American King James Version
There go the ships: there is that leviathan, whom you have made to play therein.
American Standard Version
There go the ships; There is leviathan, whom thou hast formed to play therein.
There the ships shall go. This sea dragon which thou hast formed to play therein.
Darby Bible Translation
There go the ships; there that leviathan, which thou hast formed to play therein.
English Revised Version
There go the ships; there is leviathan, whom thou hast formed to take his pastime therein.
Webster's Bible Translation
There go the ships: there is that leviathan, which thou hast made to play therein.
World English Bible
There the ships go, and leviathan, whom you formed to play there.
Young's Literal Translation
There do ships go: leviathan, That Thou hast formed to play in it.
|Matthew Henry's Concise Commentary|
104:19-30 We are to praise and magnify God for the constant succession of day and night. And see how those are like to the wild beasts, who wait for the twilight, and have fellowship with the unfruitful works of darkness. Does God listen to the language of mere nature, even in ravenous creatures, and shall he not much more interpret favourably the language of grace in his own people, though weak and broken groanings which cannot be uttered? There is the work of every day, which is to be done in its day, which man must apply to every morning, and which he must continue in till evening; it will be time enough to rest when the night comes, in which no man can work. The psalmist wonders at the works of God. The works of art, the more closely they are looked upon, the more rough they appear; the works of nature appear more fine and exact. They are all made in wisdom, for they all answer the end they were designed to serve. Every spring is an emblem of the resurrection, when a new world rises, as it were, out of the ruins of the old one. But man alone lives beyond death. When the Lord takes away his breath, his soul enters on another state, and his body will be raised, either to glory or to misery. May the Lord send forth his Spirit, and new-create our souls to holiness.

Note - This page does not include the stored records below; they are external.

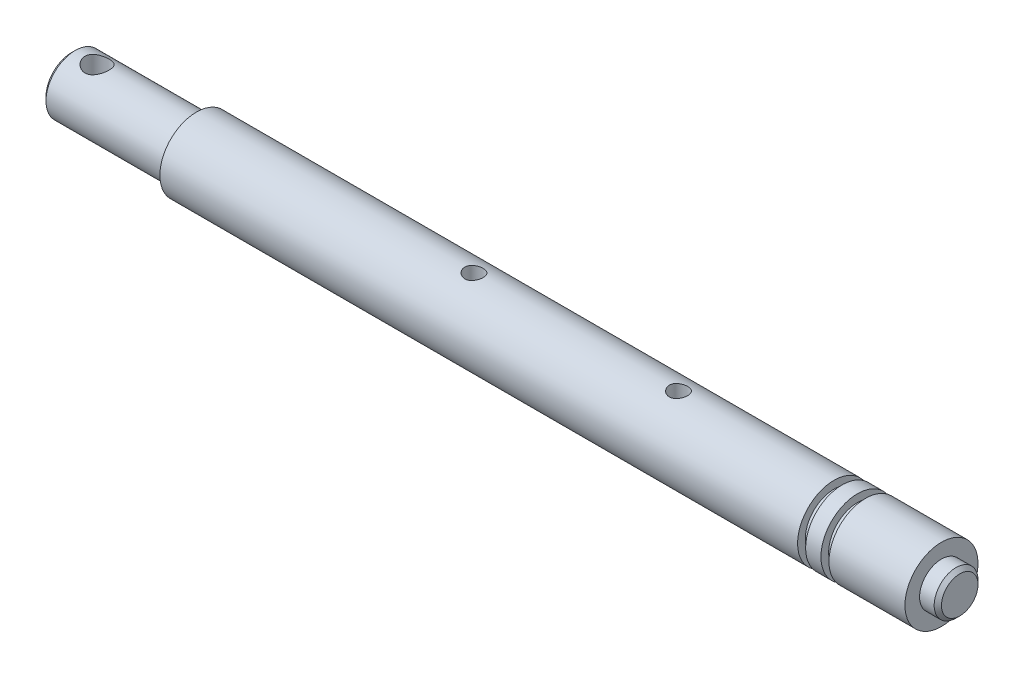
ISO-10303-21;
HEADER;
FILE_DESCRIPTION(('STEP AP214'),'2;1');
FILE_NAME('part.step','',(''),(''),'','','');
FILE_SCHEMA(('AUTOMOTIVE_DESIGN { 1 0 10303 214 1 1 1 1 }'));
ENDSEC;
DATA;
#1=APPLICATION_CONTEXT('core data for automotive mechanical design processes');
#2=APPLICATION_PROTOCOL_DEFINITION('international standard','automotive_design',2000,#1);
#3=PRODUCT_CONTEXT('',#1,'mechanical');
#4=PRODUCT('Part','Part','',(#3));
#5=PRODUCT_RELATED_PRODUCT_CATEGORY('part','',(#4));
#6=PRODUCT_DEFINITION_FORMATION('','',#4);
#7=PRODUCT_DEFINITION_CONTEXT('part definition',#1,'design');
#8=PRODUCT_DEFINITION('design','',#6,#7);
#9=PRODUCT_DEFINITION_SHAPE('','',#8);
#10=(LENGTH_UNIT() NAMED_UNIT(*) SI_UNIT(.MILLI.,.METRE.));
#11=(NAMED_UNIT(*) PLANE_ANGLE_UNIT() SI_UNIT($,.RADIAN.));
#12=(NAMED_UNIT(*) SI_UNIT($,.STERADIAN.) SOLID_ANGLE_UNIT());
#13=UNCERTAINTY_MEASURE_WITH_UNIT(LENGTH_MEASURE(1.E-05),#10,'distance_accuracy_value','');
#14=(GEOMETRIC_REPRESENTATION_CONTEXT(3) GLOBAL_UNCERTAINTY_ASSIGNED_CONTEXT((#13)) GLOBAL_UNIT_ASSIGNED_CONTEXT((#10,
#11,#12)) REPRESENTATION_CONTEXT('',''));
#15=CARTESIAN_POINT('',(0.,0.,0.));
#16=DIRECTION('',(0.,0.,1.));
#17=DIRECTION('',(1.,0.,0.));
#18=AXIS2_PLACEMENT_3D('',#15,#16,#17);
#19=CARTESIAN_POINT('',(17.1,0.,0.));
#20=DIRECTION('',(-1.,0.,0.));
#21=DIRECTION('',(0.,0.,1.));
#22=AXIS2_PLACEMENT_3D('',#19,#20,#21);
#23=CYLINDRICAL_SURFACE('',#22,4.);
#24=CARTESIAN_POINT('',(0.499999999999997,0.,0.));
#25=DIRECTION('',(1.,0.,0.));
#26=DIRECTION('',(0.,0.,-1.));
#27=AXIS2_PLACEMENT_3D('',#24,#25,#26);
#28=CIRCLE('',#27,4.);
#29=CARTESIAN_POINT('',(0.499999999999997,0.,-4.));
#30=VERTEX_POINT('',#29);
#31=EDGE_CURVE('E138',#30,#30,#28,.T.);
#32=ORIENTED_EDGE('',*,*,#31,.T.);
#33=EDGE_LOOP('',(#32));
#34=FACE_BOUND('',#33,.T.);
#35=CARTESIAN_POINT('',(3.5,-3.64383040220041,1.65));
#36=CARTESIAN_POINT('',(3.58809648022568,-3.64383945275153,1.64999056813102));
#37=CARTESIAN_POINT('',(3.67634043197359,-3.64707173267573,1.64289989177358));
#38=CARTESIAN_POINT('',(3.85028706107888,-3.65959209124688,1.61480845546373));
#39=CARTESIAN_POINT('',(3.9359821005976,-3.66889676295874,1.5937695789634));
#40=CARTESIAN_POINT('',(4.10200293813063,-3.69231325052125,1.53873536249638));
#41=CARTESIAN_POINT('',(4.1823488202186,-3.70640571161012,1.50479212400174));
#42=CARTESIAN_POINT('',(4.33618176683423,-3.73778230052357,1.42506535594207));
#43=CARTESIAN_POINT('',(4.40967054278404,-3.75506562873472,1.37928479159595));
#44=CARTESIAN_POINT('',(4.5522286878465,-3.7920553041855,1.27419856290372));
#45=CARTESIAN_POINT('',(4.62082925578021,-3.81184277704779,1.2142851824136));
#46=CARTESIAN_POINT('',(4.74735477190876,-3.85094363418238,1.08391072165483));
#47=CARTESIAN_POINT('',(4.80527565147223,-3.87025683535296,1.01344563996364));
#48=CARTESIAN_POINT('',(4.91117137130187,-3.90721575035942,0.860301943593382));
#49=CARTESIAN_POINT('',(4.95862093270616,-3.92475616703248,0.777232390113591));
#50=CARTESIAN_POINT('',(5.0386701453217,-3.95520283117798,0.603436361875857));
#51=CARTESIAN_POINT('',(5.07127626434656,-3.96811109652272,0.512713242513045));
#52=CARTESIAN_POINT('',(5.11902070665623,-3.98726403378776,0.331105172304398));
#53=CARTESIAN_POINT('',(5.13496684792324,-3.99381564337609,0.240465625184492));
#54=CARTESIAN_POINT('',(5.15154665185517,-4.0006306156112,0.0575763551498653));
#55=CARTESIAN_POINT('',(5.15218639532201,-4.00089647540932,-0.0346727137709551));
#56=CARTESIAN_POINT('',(5.13856350386341,-3.99529224160632,-0.212297380895985));
#57=CARTESIAN_POINT('',(5.1251878162829,-3.98978733384658,-0.297754665400397));
#58=CARTESIAN_POINT('',(5.08543118255224,-3.97375926025944,-0.465085845235279));
#59=CARTESIAN_POINT('',(5.05904927870932,-3.96323572489496,-0.546959476205493));
#60=CARTESIAN_POINT('',(4.99371233827982,-3.93798907731603,-0.70629560681723));
#61=CARTESIAN_POINT('',(4.95457201007513,-3.92320447216362,-0.78367197976247));
#62=CARTESIAN_POINT('',(4.8650087208134,-3.89088763760773,-0.930960489992467));
#63=CARTESIAN_POINT('',(4.8145817994967,-3.87335444442336,-1.00086999453932));
#64=CARTESIAN_POINT('',(4.69981176097137,-3.83587133640027,-1.13638530947041));
#65=CARTESIAN_POINT('',(4.63474658910128,-3.8158381454309,-1.20135746318645));
#66=CARTESIAN_POINT('',(4.49459033367843,-3.77653142784555,-1.31973838423493));
#67=CARTESIAN_POINT('',(4.4194955507367,-3.75725818494773,-1.37314286572202));
#68=CARTESIAN_POINT('',(4.25840159645269,-3.72106607156909,-1.46845339844828));
#69=CARTESIAN_POINT('',(4.17213242830735,-3.70424107982558,-1.50994179309277));
#70=CARTESIAN_POINT('',(3.99295332859411,-3.67596385006485,-1.57754508127096));
#71=CARTESIAN_POINT('',(3.90004808612619,-3.66450786071417,-1.60367071206121));
#72=CARTESIAN_POINT('',(3.71657710481502,-3.64919091711418,-1.63821320355942));
#73=CARTESIAN_POINT('',(3.62624169881714,-3.64489111171831,-1.64765569454682));
#74=CARTESIAN_POINT('',(3.4451943703014,-3.64311980380967,-1.65157101672826));
#75=CARTESIAN_POINT('',(3.35448258394072,-3.64564601607449,-1.64604885780402));
#76=CARTESIAN_POINT('',(3.18119899095053,-3.65678944366161,-1.62112710501827));
#77=CARTESIAN_POINT('',(3.09847182032539,-3.66501803861664,-1.60261202118543));
#78=CARTESIAN_POINT('',(2.93736293562003,-3.68614612916707,-1.55339580262015));
#79=CARTESIAN_POINT('',(2.85898222864834,-3.69904670212356,-1.52269185697123));
#80=CARTESIAN_POINT('',(2.70512099430436,-3.72872477858182,-1.44853902204985));
#81=CARTESIAN_POINT('',(2.62989980522076,-3.74564214050945,-1.40460979308264));
#82=CARTESIAN_POINT('',(2.48753983057027,-3.78124523189864,-1.30573455409451));
#83=CARTESIAN_POINT('',(2.42040451226488,-3.79993171387674,-1.25078384473684));
#84=CARTESIAN_POINT('',(2.29057037355329,-3.83876011670653,-1.12627542162099));
#85=CARTESIAN_POINT('',(2.22864826295128,-3.85889967217623,-1.05590387126704));
#86=CARTESIAN_POINT('',(2.11735714433793,-3.89698114804694,-0.905297980080105));
#87=CARTESIAN_POINT('',(2.0679889479968,-3.91492292631236,-0.825063002026905));
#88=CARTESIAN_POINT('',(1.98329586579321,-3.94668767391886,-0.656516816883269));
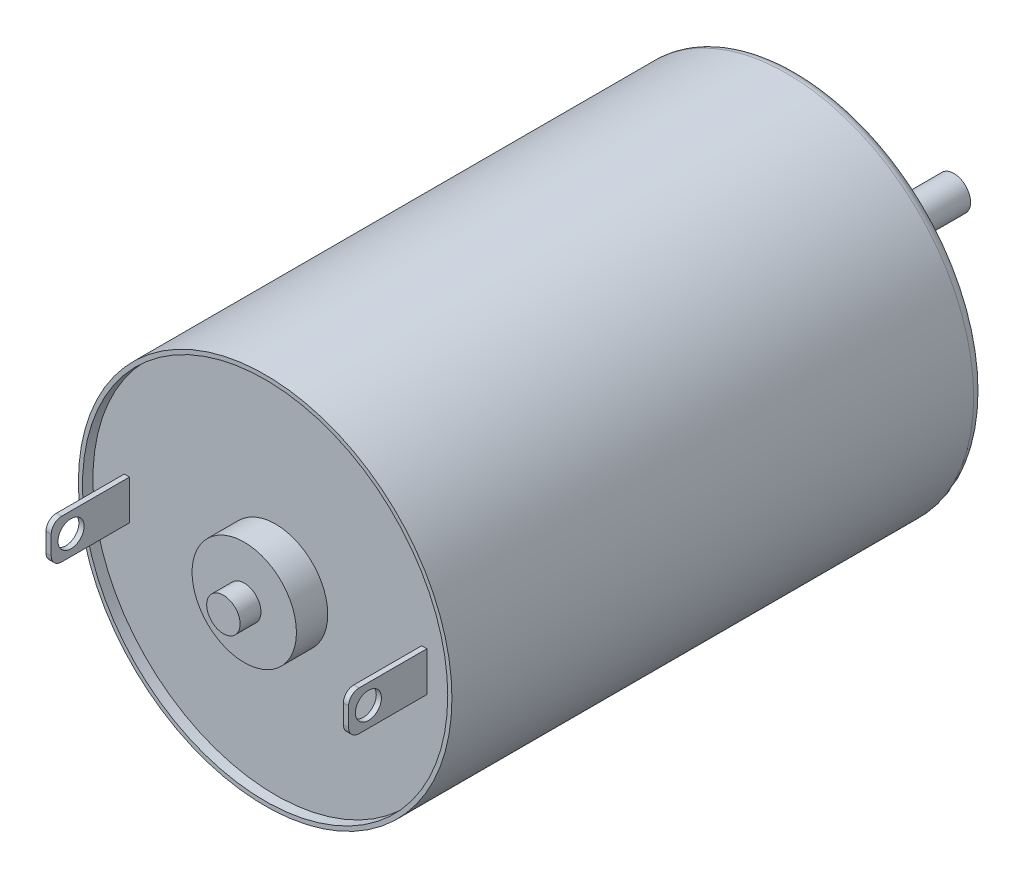
ISO-10303-21;
HEADER;
FILE_DESCRIPTION(('STEP AP214'),'2;1');
FILE_NAME('part.step','',(''),(''),'','','');
FILE_SCHEMA(('AUTOMOTIVE_DESIGN { 1 0 10303 214 1 1 1 1 }'));
ENDSEC;
DATA;
#1=APPLICATION_CONTEXT('core data for automotive mechanical design processes');
#2=APPLICATION_PROTOCOL_DEFINITION('international standard','automotive_design',2000,#1);
#3=PRODUCT_CONTEXT('',#1,'mechanical');
#4=PRODUCT('Part','Part','',(#3));
#5=PRODUCT_RELATED_PRODUCT_CATEGORY('part','',(#4));
#6=PRODUCT_DEFINITION_FORMATION('','',#4);
#7=PRODUCT_DEFINITION_CONTEXT('part definition',#1,'design');
#8=PRODUCT_DEFINITION('design','',#6,#7);
#9=PRODUCT_DEFINITION_SHAPE('','',#8);
#10=(LENGTH_UNIT() NAMED_UNIT(*) SI_UNIT(.MILLI.,.METRE.));
#11=(NAMED_UNIT(*) PLANE_ANGLE_UNIT() SI_UNIT($,.RADIAN.));
#12=(NAMED_UNIT(*) SI_UNIT($,.STERADIAN.) SOLID_ANGLE_UNIT());
#13=UNCERTAINTY_MEASURE_WITH_UNIT(LENGTH_MEASURE(1.E-05),#10,'distance_accuracy_value','');
#14=(GEOMETRIC_REPRESENTATION_CONTEXT(3) GLOBAL_UNCERTAINTY_ASSIGNED_CONTEXT((#13)) GLOBAL_UNIT_ASSIGNED_CONTEXT((#10,
#11,#12)) REPRESENTATION_CONTEXT('',''));
#15=CARTESIAN_POINT('',(0.,0.,0.));
#16=DIRECTION('',(0.,0.,1.));
#17=DIRECTION('',(1.,0.,0.));
#18=AXIS2_PLACEMENT_3D('',#15,#16,#17);
#19=CARTESIAN_POINT('',(0.,0.,50.));
#20=DIRECTION('',(0.,0.,1.));
#21=DIRECTION('',(1.,0.,0.));
#22=AXIS2_PLACEMENT_3D('',#19,#20,#21);
#23=PLANE('',#22);
#24=DIRECTION('',(0.,1.,0.));
#25=VECTOR('',#24,1.);
#26=CARTESIAN_POINT('',(14.,1.9,50.));
#27=LINE('',#26,#25);
#28=CARTESIAN_POINT('',(14.,-1.9,50.));
#29=VERTEX_POINT('',#28);
#30=CARTESIAN_POINT('',(14.,1.9,50.));
#31=VERTEX_POINT('',#30);
#32=EDGE_CURVE('E174',#29,#31,#27,.T.);
#33=ORIENTED_EDGE('',*,*,#32,.T.);
#34=DIRECTION('',(1.,0.,0.));
#35=VECTOR('',#34,1.);
#36=CARTESIAN_POINT('',(14.5,1.9,50.));
#37=LINE('',#36,#35);
#38=CARTESIAN_POINT('',(14.5,1.9,50.));
#39=VERTEX_POINT('',#38);
#40=EDGE_CURVE('E178',#31,#39,#37,.T.);
#41=ORIENTED_EDGE('',*,*,#40,.T.);
#42=DIRECTION('',(0.,-1.,0.));
#43=VECTOR('',#42,1.);
#44=CARTESIAN_POINT('',(14.5,1.9,50.));
#45=LINE('',#44,#43);
#46=CARTESIAN_POINT('',(14.5,-1.9,50.));
#47=VERTEX_POINT('',#46);
#48=EDGE_CURVE('E187',#39,#47,#45,.T.);
#49=ORIENTED_EDGE('',*,*,#48,.T.);
#50=DIRECTION('',(-1.,0.,0.));
#51=VECTOR('',#50,1.);
#52=CARTESIAN_POINT('',(14.5,-1.9,50.));
#53=LINE('',#52,#51);
#54=EDGE_CURVE('E184',#47,#29,#53,.T.);
#55=ORIENTED_EDGE('',*,*,#54,.T.);
#56=EDGE_LOOP('',(#33,#41,#49,#55));
#57=FACE_BOUND('',#56,.T.);
#58=CARTESIAN_POINT('',(0.,0.,50.));
#59=DIRECTION('',(0.,0.,1.));
#60=DIRECTION('',(1.,0.,0.));
#61=AXIS2_PLACEMENT_3D('',#58,#59,#60);
#62=CIRCLE('',#61,5.);
#63=CARTESIAN_POINT('',(5.,0.,50.));
#64=VERTEX_POINT('',#63);
#65=EDGE_CURVE('E252',#64,#64,#62,.T.);
#66=ORIENTED_EDGE('',*,*,#65,.F.);
#67=EDGE_LOOP('',(#66));
#68=FACE_BOUND('',#67,.T.);
#69=CARTESIAN_POINT('',(0.,0.,50.));
#70=DIRECTION('',(0.,0.,1.));
#71=DIRECTION('',(1.,0.,0.));
#72=AXIS2_PLACEMENT_3D('',#69,#70,#71);
#73=CIRCLE('',#72,17.5);
#74=CARTESIAN_POINT('',(17.5,0.,50.));
#75=VERTEX_POINT('',#74);
#76=EDGE_CURVE('E247',#75,#75,#73,.F.);
#77=ORIENTED_EDGE('',*,*,#76,.F.);
#78=EDGE_LOOP('',(#77));
#79=FACE_BOUND('',#78,.T.);
#80=DIRECTION('',(-1.,0.,0.));
#81=VECTOR('',#80,1.);
#82=CARTESIAN_POINT('',(-14.5,1.9,50.));
#83=LINE('',#82,#81);
#84=CARTESIAN_POINT('',(-14.,1.9,50.));
#85=VERTEX_POINT('',#84);
#86=CARTESIAN_POINT('',(-14.5,1.9,50.));
#87=VERTEX_POINT('',#86);
#88=EDGE_CURVE('E216',#85,#87,#83,.T.);
#89=ORIENTED_EDGE('',*,*,#88,.F.);
#90=DIRECTION('',(0.,1.,0.));
#91=VECTOR('',#90,1.);
#92=CARTESIAN_POINT('',(-14.,1.9,50.));
#93=LINE('',#92,#91);
#94=CARTESIAN_POINT('',(-14.,-1.9,50.));
#95=VERTEX_POINT('',#94);
#96=EDGE_CURVE('E205',#95,#85,#93,.T.);
#97=ORIENTED_EDGE('',*,*,#96,.F.);
#98=DIRECTION('',(1.,0.,0.));
#99=VECTOR('',#98,1.);
#100=CARTESIAN_POINT('',(-14.5,-1.9,50.));
#101=LINE('',#100,#99);
#102=CARTESIAN_POINT('',(-14.5,-1.9,50.));
#103=VERTEX_POINT('',#102);
#104=EDGE_CURVE('E210',#103,#95,#101,.T.);
#105=ORIENTED_EDGE('',*,*,#104,.F.);
#106=DIRECTION('',(0.,-1.,0.));
#107=VECTOR('',#106,1.);
#108=CARTESIAN_POINT('',(-14.5,1.9,50.));
#109=LINE('',#108,#107);
#110=EDGE_CURVE('E219',#87,#103,#109,.T.);
#111=ORIENTED_EDGE('',*,*,#110,.F.);
#112=EDGE_LOOP('',(#89,#97,#105,#111));
#113=FACE_BOUND('',#112,.T.);
#114=ADVANCED_FACE('F51',(#57,#68,#79,#113),#23,.T.);
#115=CARTESIAN_POINT('',(0.,0.,50.));
#116=DIRECTION('',(0.,0.,-1.));
#117=DIRECTION('',(-1.,0.,0.));
#118=AXIS2_PLACEMENT_3D('',#115,#116,#117);
#119=CYLINDRICAL_SURFACE('',#118,17.9);
#120=CARTESIAN_POINT('',(0.,0.,1.));
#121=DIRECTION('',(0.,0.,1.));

Verse 26. - There go the ships. These may seem out of place among the works of God. But are they not his, in a certain sense? Did he not contemplate them when he made the sea, and make it to some extent for them? And did he not give men wisdom to invent and perfect them? There is that leviathan. "Leviathan" is here probably the whale, which may in early times have frequented the Mediterranean. Which thou hast made to play therein; or, to play with him. So the LXX. (ἐμπαίζειν αὐτῷ); and, among moderns, Ewald, Hitzig, Olshausen, Kay, Cheyne, and our Revisers (in the margin). The anthropomorphism is not beyond that of other passages.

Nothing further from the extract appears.